La mujer abrió el vendaje: un pliegue a la derecha, otro a la izquierda y dejó al descubierto una jeringa con su aguja hipodérmica y un frasco de un líquido transparente.
– ¿Va a venir el médico? -preguntó Djalu-. Nadie me ha avisado.
– No. El doctor no va a venir -repuso ella mientras se ponía unos guantes de látex.
– ¿Piensa ponerle una inyección al señor Clark? ¿Qué va a hacer?
– Si lo desea se lo enseñaré. Acérquese.
– No le haga daño.
– Tranquilo, Djalu. Ahora venga aquí y mire. Así, un poco más cerca.
La mujer sostuvo la jeringa ante la ventana, donde se perfiló su silueta.
– Ahora, Djalu, si puede apoyar las manos en los hombros del señor Clark… Así, sí… Inclínese un poco más.

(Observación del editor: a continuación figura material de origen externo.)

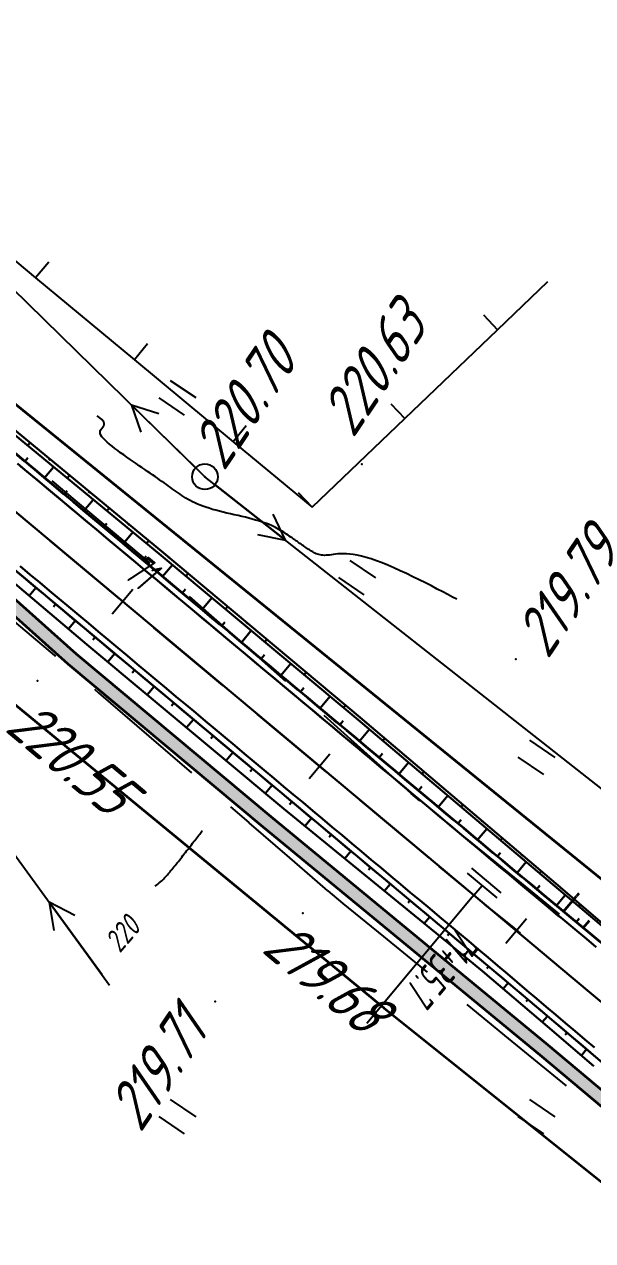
# Model space of a CAD drawing. Header units: millimetres. Extents: x -698 to 8131, y -704 to 4503.
# Drawn here: x 5209.4 to 5253.7, y 3620.5 to 3715.3 of the extents above; entities that cross this region are included whole.
import ezdxf

# ---------------------------------------------------------------- set-up
doc = ezdxf.new("R2010")
doc.units = ezdxf.units.MM
for name, pattern in [('CONTI', [0]), ('DASHED', [0.75, 0.5, -0.25]), ('STROT', [1.7, 0.5, -1.2])]:
    doc.linetypes.add(name, pattern=pattern)
for name, color, linetype, lineweight in [('10', 1, 'Continuous', 35), ('КОПИЯ_ОСЬ_13_ОТКОСЫ', 7, 'Continuous', 30), ('КОПИЯ_ОСЬ_ГРАНИЦЫ_ПОЛОС', 7, 'Continuous', 30), ('ОСЬ_ВЕРХ_ПОКРЫТИЯ_ГРАНИЦЫ_ПОЛОС', 7, 'Continuous', 30), ('ОСЬ_ВЕРХ_ПОКРЫТИЯ_ОСЬ', 1, 'Continuous', 30), ('Ось_примыкания', 1, 'Continuous', 35), ('Тротуар', 40, 'Continuous', 35)]:
    doc.layers.add(name, color=color, linetype=linetype, lineweight=lineweight)
for name, color, linetype in [('GOR_BDEFAULT', 212, 'CONTI'), ('PI_OTDEFAULT', 172, 'CONTI'), ('PI_TTDEFAULT', 5, 'CONTI'), ('SIT_LDEFAULT', 7, 'CONTI'), ('USLZNDEFAULT', 7, 'CONTI'), ('ZAPSKDEFAULT', 7, 'CONTI'), ('ОСЬ_ВЕРХ_ПОКРЫТИЯ_ОТКОСЫ', 7, 'Continuous'), ('ОСЬ_ВЕРХ_ПОКРЫТИЯ_ПИКЕТЫ', 1, 'Continuous'), ('ОСЬ_ВЕРХ_ПОКРЫТИЯ_РАЗБИВКА_КРИВ', 1, 'Continuous'), ('разметка', 7, 'Continuous')]:
    doc.layers.add(name, color=color, linetype=linetype)
doc.styles.add('eskd', font='isocpeui.ttf', dxfattribs={"width": 1.2})
doc.styles.add('SHRFT', font='isocpeui.ttf', dxfattribs={"width": 3.5})
doc.styles.get("Standard").update_dxf_attribs({"font": 'isocpeui.ttf'})

# ---------------------------------------------------------------- blocks, each defined once
blk = doc.blocks.new('BL_2011')
at = {"color": 0}
for p, q in [((0, 0), (0, 2.4)), ((1.6, 0), (1.6, 2.4))]:
    blk.add_line(p, q, dxfattribs=at)
blk = doc.blocks.new('BL_20')
at = {"color": 0}
blk.add_circle((0, 0), 1, dxfattribs=at)
blk = doc.blocks.new('*U49')
at = {"layer": 'КОПИЯ_ОСЬ_13_ОТКОСЫ'}
for points in [[(836.878, 1076.493), (850.63, 1065.19), (865.97, 1052.357), (881.217, 1039.411), (886.289, 1035.069)], [(836.692, 1076.269), (850.446, 1064.97), (865.822, 1052.18), (877.798, 1042.027), (885.46, 1035.566)], [(840.217, 1073.748), (840.033, 1073.524)], [(841.762, 1072.479), (841.701, 1072.404)], [(843.307, 1071.209), (843.124, 1070.985)], [(844.852, 1069.939), (844.791, 1069.864)], [(846.398, 1068.669), (846.215, 1068.446)], [(847.943, 1067.399), (847.882, 1067.325)], [(849.488, 1066.129), (849.305, 1065.907)], [(851.03, 1064.856), (850.969, 1064.782)], [(852.564, 1063.572), (852.384, 1063.358)], [(854.098, 1062.289), (854.038, 1062.217)], [(855.632, 1061.006), (855.46, 1060.8)], [(857.166, 1059.722), (857.108, 1059.654)], [(858.7, 1058.439), (858.535, 1058.242)], [(860.234, 1057.156), (860.179, 1057.09)], [(861.768, 1055.872), (861.61, 1055.684)], [(863.302, 1054.589), (863.249, 1054.526)], [(864.836, 1053.306), (864.685, 1053.126)], [(866.367, 1052.019), (866.317, 1051.96)], [(867.892, 1050.725), (867.744, 1050.551)], [(869.416, 1049.43), (869.367, 1049.372)], [(870.941, 1048.136), (870.795, 1047.964)], [(872.465, 1046.841), (872.417, 1046.784)], [(873.99, 1045.547), (873.846, 1045.378)], [(875.515, 1044.253), (875.467, 1044.196)], [(877.039, 1042.958), (876.897, 1042.791)], [(878.564, 1041.664), (878.516, 1041.608)], [(880.088, 1040.369), (879.953, 1040.21)], [(881.612, 1039.073), (881.566, 1039.02)], [(883.131, 1037.772), (883.01, 1037.632)]]:
    blk.add_lwpolyline(points, dxfattribs=at)

msp = doc.modelspace()

# ---------------------------------------------------------------- hatches: boundary and pattern name
at = {"layer": 'Тротуар', "lineweight": 30, "ltscale": 7}
msp.add_hatch(color=256, dxfattribs=at).paths.add_polyline_path([(5466.603, 3369.435), (5464.199, 3371.972), (5457.004, 3375.472), (5449.971, 3379.116), (5446.483, 3381.111), (5443.161, 3383.224), (5436.715, 3388.142), (5431.069, 3393.814), (5426.047, 3400.024), (5421.509, 3406.475), (5419.224, 3409.907), (5412.944, 3420.132), (5406.733, 3430.399), (5401.563, 3438.959), (5392.412, 3454.459), (5384.128, 3468.142), (5376.812, 3480.084), (5372.692, 3483.698), (5367.045, 3489.864), (5364.428, 3494.124), (5362.55, 3498.787), (5362.162, 3499.75), (5361.296, 3501.956), (5360.243, 3505.535), (5359.9, 3506.511), (5359.557, 3507.488), (5353.516, 3517.408), (5346.095, 3529.283), (5337.358, 3542.681), (5330.6, 3552.598), (5323.514, 3562.282), (5314.689, 3573.385), (5305.757, 3583.754), (5294.788, 3595.515), (5284.15, 3605.971), (5274.517, 3614.798), (5262.518, 3625.475), (5250.256, 3635.753), (5228.636, 3653.545), (5213.48, 3666.213), (5198.554, 3679.53), (5195.155, 3682.072), (5188.614, 3686.677), (5181.729, 3690.741), (5174.553, 3693.981), (5166.765, 3696.048), (5158.672, 3697.097), (5150.771, 3696.701), (5142.932, 3694.886), (5135.763, 3691.799), (5128.894, 3687.534), (5119.677, 3680.123), (5110.519, 3672.03), (5107.649, 3669.246), (5096.334, 3657.934), (5094.629, 3656.228), (5093.906, 3655.537), (5087.832, 3649.465), (5076.605, 3638.065), (5063.964, 3625.252), (5056.914, 3618.158), (5049.806, 3611.124), (5042.672, 3604.117), (5034.104, 3595.716), (5025.464, 3587.246), (5012.287, 3575.126), (5004.83, 3568.464), (5000.376, 3564.545), (4992.568, 3558.187), (4986.365, 3553.136), (4976.969, 3545.672), (4967.373, 3538.466), (4960.946, 3533.701), (4956.142, 3530.257), (4951.275, 3526.828), (4944.558, 3522.239), (4941.878, 3520.46), (4934.85, 3515.752), (4934.02, 3515.196), (4921.2, 3506.598), (4903.6, 3496.548), (4897.663, 3493.449), (4891.601, 3490.598), (4873.244, 3481.853), (4861.137, 3475.777), (4851.022, 3470.054), (4850.316, 3469.617), (4844.045, 3464.752), (4838.09, 3459.351), (4832.466, 3453.61), (4827.236, 3447.37), (4822.539, 3440.513), (4818.897, 3433.927), (4815.516, 3426.46), (4812.441, 3418.669), (4810.035, 3411.157), (4807.175, 3399.956), (4804.768, 3388.201), (4802.678, 3365.271), (4803.818, 3364.88), (4805.75, 3388.011), (4808.15, 3399.731), (4811.12, 3411.298), (4813.568, 3418.846), (4816.506, 3426.225), (4819.778, 3433.453), (4823.587, 3440.306), (4828.121, 3446.878), (4833.208, 3452.938), (4838.771, 3458.618), (4844.644, 3463.95), (4850.888, 3468.795), (4851.611, 3469.243), (4861.609, 3474.895), (4873.593, 3481.023), (4892.028, 3489.675), (4898.14, 3492.525), (4904.066, 3495.663), (4921.662, 3505.714), (4942.435, 3519.629), (4945.115, 3521.408), (4951.736, 3525.929), (4956.645, 3529.404), (4961.502, 3532.939), (4967.97, 3537.663), (4977.55, 3544.92), (4986.99, 3552.356), (4993.2, 3557.412), (5001.022, 3563.781), (5005.493, 3567.716), (5012.958, 3574.386), (5026.153, 3586.52), (5034.804, 3595.002), (5043.373, 3603.403), (5050.509, 3610.412), (5057.621, 3617.45), (5064.674, 3624.548), (5077.317, 3637.363), (5088.541, 3648.76), (5097.04, 3657.226), (5108.35, 3668.534), (5111.199, 3671.296), (5120.322, 3679.358), (5129.473, 3686.717), (5136.227, 3690.91), (5143.245, 3693.932), (5150.91, 3695.707), (5158.632, 3696.093), (5166.571, 3695.065), (5174.217, 3693.035), (5181.268, 3689.852), (5188.077, 3685.832), (5194.568, 3681.262), (5197.92, 3678.755), (5212.826, 3665.456), (5227.997, 3652.776), (5249.617, 3634.984), (5261.864, 3624.719), (5273.849, 3614.053), (5283.425, 3605.248), (5294.038, 3594.853), (5304.928, 3583.185), (5313.919, 3572.747), (5322.719, 3561.675), (5329.783, 3552.021), (5336.525, 3542.127), (5345.254, 3528.742), (5352.666, 3516.881), (5358.55, 3507.337), (5360.408, 3501.541), (5363.532, 3493.673), (5366.243, 3489.259), (5371.993, 3482.98), (5375.959, 3479.544), (5383.271, 3467.625), (5391.554, 3453.946), (5400.706, 3438.447), (5405.884, 3429.885), (5412.109, 3419.623), (5418.381, 3409.369), (5420.615, 3406.013), (5425.242, 3399.43), (5430.324, 3393.146), (5436.048, 3387.394), (5442.486, 3382.471), (5445.966, 3380.254), (5449.492, 3378.238), (5456.555, 3374.578), (5463.598, 3371.152), (5466.015, 3368.602), (5468.306, 3367.584), (5468.712, 3368.498)])

# ---------------------------------------------------------------- linework, layer by layer
at = {"layer": '10'}
for p, q in [((5288.323, 3621.204), (5196.433, 3695.614)), ((5207.163, 3663.524), (5237.453, 3638.634)), ((5207.163, 3663.524), (5237.453, 3638.634)), ((5237.453, 3638.634), (5294.373, 3593.134)), ((5237.453, 3638.634), (5294.373, 3593.134))]:
    msp.add_line(p, q, dxfattribs=at)
msp.add_lwpolyline([(5288.323, 3621.204), (5196.433, 3695.614), (5169.553, 3711.754), (5130.953, 3711.814), (5048.293, 3630.554), (5037.593, 3620.134), (5021.953, 3603.214), (5015.973, 3598.224), (5015.013, 3599.374), (5008.903, 3593.884), (4991.233, 3578.294), (4976.993, 3565.554), (4946.753, 3541.804), (4930.383, 3533.214), (4921.493, 3527.264), (4897.853, 3511.404), (4863.383, 3496.414), (4836.513, 3479.254), (4820.223, 3465.304), (4808.053, 3449.294), (4801.113, 3435.244), (4794.223, 3410.594), (4789.103, 3384.464), (4785.093, 3347.224)], dxfattribs=at)
at = {"layer": 'GOR_BDEFAULT', "color": 212, "elevation": 220, "flags": 128}
for points in [[(5243.159, 3670.47), (5242.819, 3670.64), (5242.449, 3670.84), (5242.049, 3671.05), (5241.619, 3671.27), (5241.169, 3671.51), (5240.699, 3671.75), (5240.219, 3671.99), (5239.729, 3672.23), (5239.229, 3672.47), (5238.739, 3672.7), (5238.249, 3672.92), (5237.779, 3673.12), (5237.319, 3673.31), (5236.879, 3673.48), (5236.459, 3673.62), (5236.069, 3673.74), (5235.719, 3673.83), (5235.389, 3673.91), (5235.079, 3673.96), (5234.799, 3673.99), (5234.539, 3674.01), (5234.299, 3674.02), (5234.079, 3674.02), (5233.879, 3674.01), (5233.699, 3673.99), (5233.519, 3673.97), (5233.369, 3673.94), (5233.219, 3673.92), (5233.079, 3673.91), (5232.949, 3673.9), (5232.819, 3673.89), (5232.709, 3673.9), (5232.589, 3673.91), (5232.489, 3673.93), (5232.379, 3673.95), (5232.279, 3673.98), (5232.189, 3674.02), (5232.089, 3674.06), (5231.999, 3674.11), (5231.909, 3674.16), (5231.819, 3674.21), (5231.739, 3674.26), (5231.649, 3674.32), (5231.559, 3674.38), (5231.469, 3674.44), (5231.379, 3674.5), (5231.289, 3674.57), (5231.199, 3674.63), (5231.099, 3674.7), (5231.009, 3674.76), (5230.909, 3674.83), (5230.809, 3674.9), (5230.719, 3674.97), (5230.609, 3675.03), (5230.509, 3675.1), (5230.409, 3675.17), (5230.309, 3675.25), (5230.199, 3675.32), (5230.089, 3675.39), (5229.989, 3675.47), (5229.879, 3675.54), (5229.769, 3675.62), (5229.649, 3675.69), (5229.529, 3675.77), (5229.409, 3675.84), (5229.279, 3675.92), (5229.149, 3675.99), (5228.999, 3676.07), (5228.849, 3676.15), (5228.689, 3676.22), (5228.509, 3676.3), (5228.329, 3676.37), (5228.129, 3676.44), (5227.919, 3676.51), (5227.689, 3676.58), (5227.449, 3676.65), (5227.199, 3676.72), (5226.929, 3676.79), (5226.659, 3676.86), (5226.379, 3676.92), (5226.089, 3676.99), (5225.799, 3677.06), (5225.499, 3677.12), (5225.209, 3677.19), (5224.919, 3677.26), (5224.639, 3677.33), (5224.359, 3677.41), (5224.089, 3677.48), (5223.829, 3677.56), (5223.579, 3677.64), (5223.349, 3677.72), (5223.129, 3677.8), (5222.919, 3677.89), (5222.729, 3677.98), (5222.539, 3678.07), (5222.359, 3678.16), (5222.189, 3678.26), (5222.029, 3678.35), (5221.869, 3678.45), (5221.719, 3678.56), (5221.569, 3678.66), (5221.419, 3678.76), (5221.269, 3678.87), (5221.119, 3678.98), (5220.959, 3679.09), (5220.809, 3679.2), (5220.649, 3679.31), (5220.489, 3679.43), (5220.319, 3679.54), (5220.149, 3679.66), (5219.979, 3679.78), (5219.799, 3679.91), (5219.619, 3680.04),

La mujer clavó limpiamente la aguja en el cuello de Djalu y presionó el émbolo con el dedo haciendo que la droga se le extendiera por las venas en un instante. Djalu dispuso apenas de un segundo para volverse con el rostro deformado por la sorpresa. Un segundo más tarde se desplomó hacia delante, cayendo encima del jadeante pecho del señor Clark.
Su asesina tuvo que emplear toda su fuerza para levantarlo y dejarlo suavemente en el suelo. Luego, le cerró los ojos con la palma de la mano y lo cubrió con una manta.
– Le pido disculpas por lo que le he hecho, Djalu Banggala, pero ha sido en nombre de Dios Todopoderoso. Amén.
Envolvió la jeringa y el frasco con el vendaje, se lo guardó en el bolsillo y salió sin hacer ruido. El señor Clark no se movió. Si había oído algo, era música: los acordes de una de las obras más famosas de Schubert: La muerte y la doncella.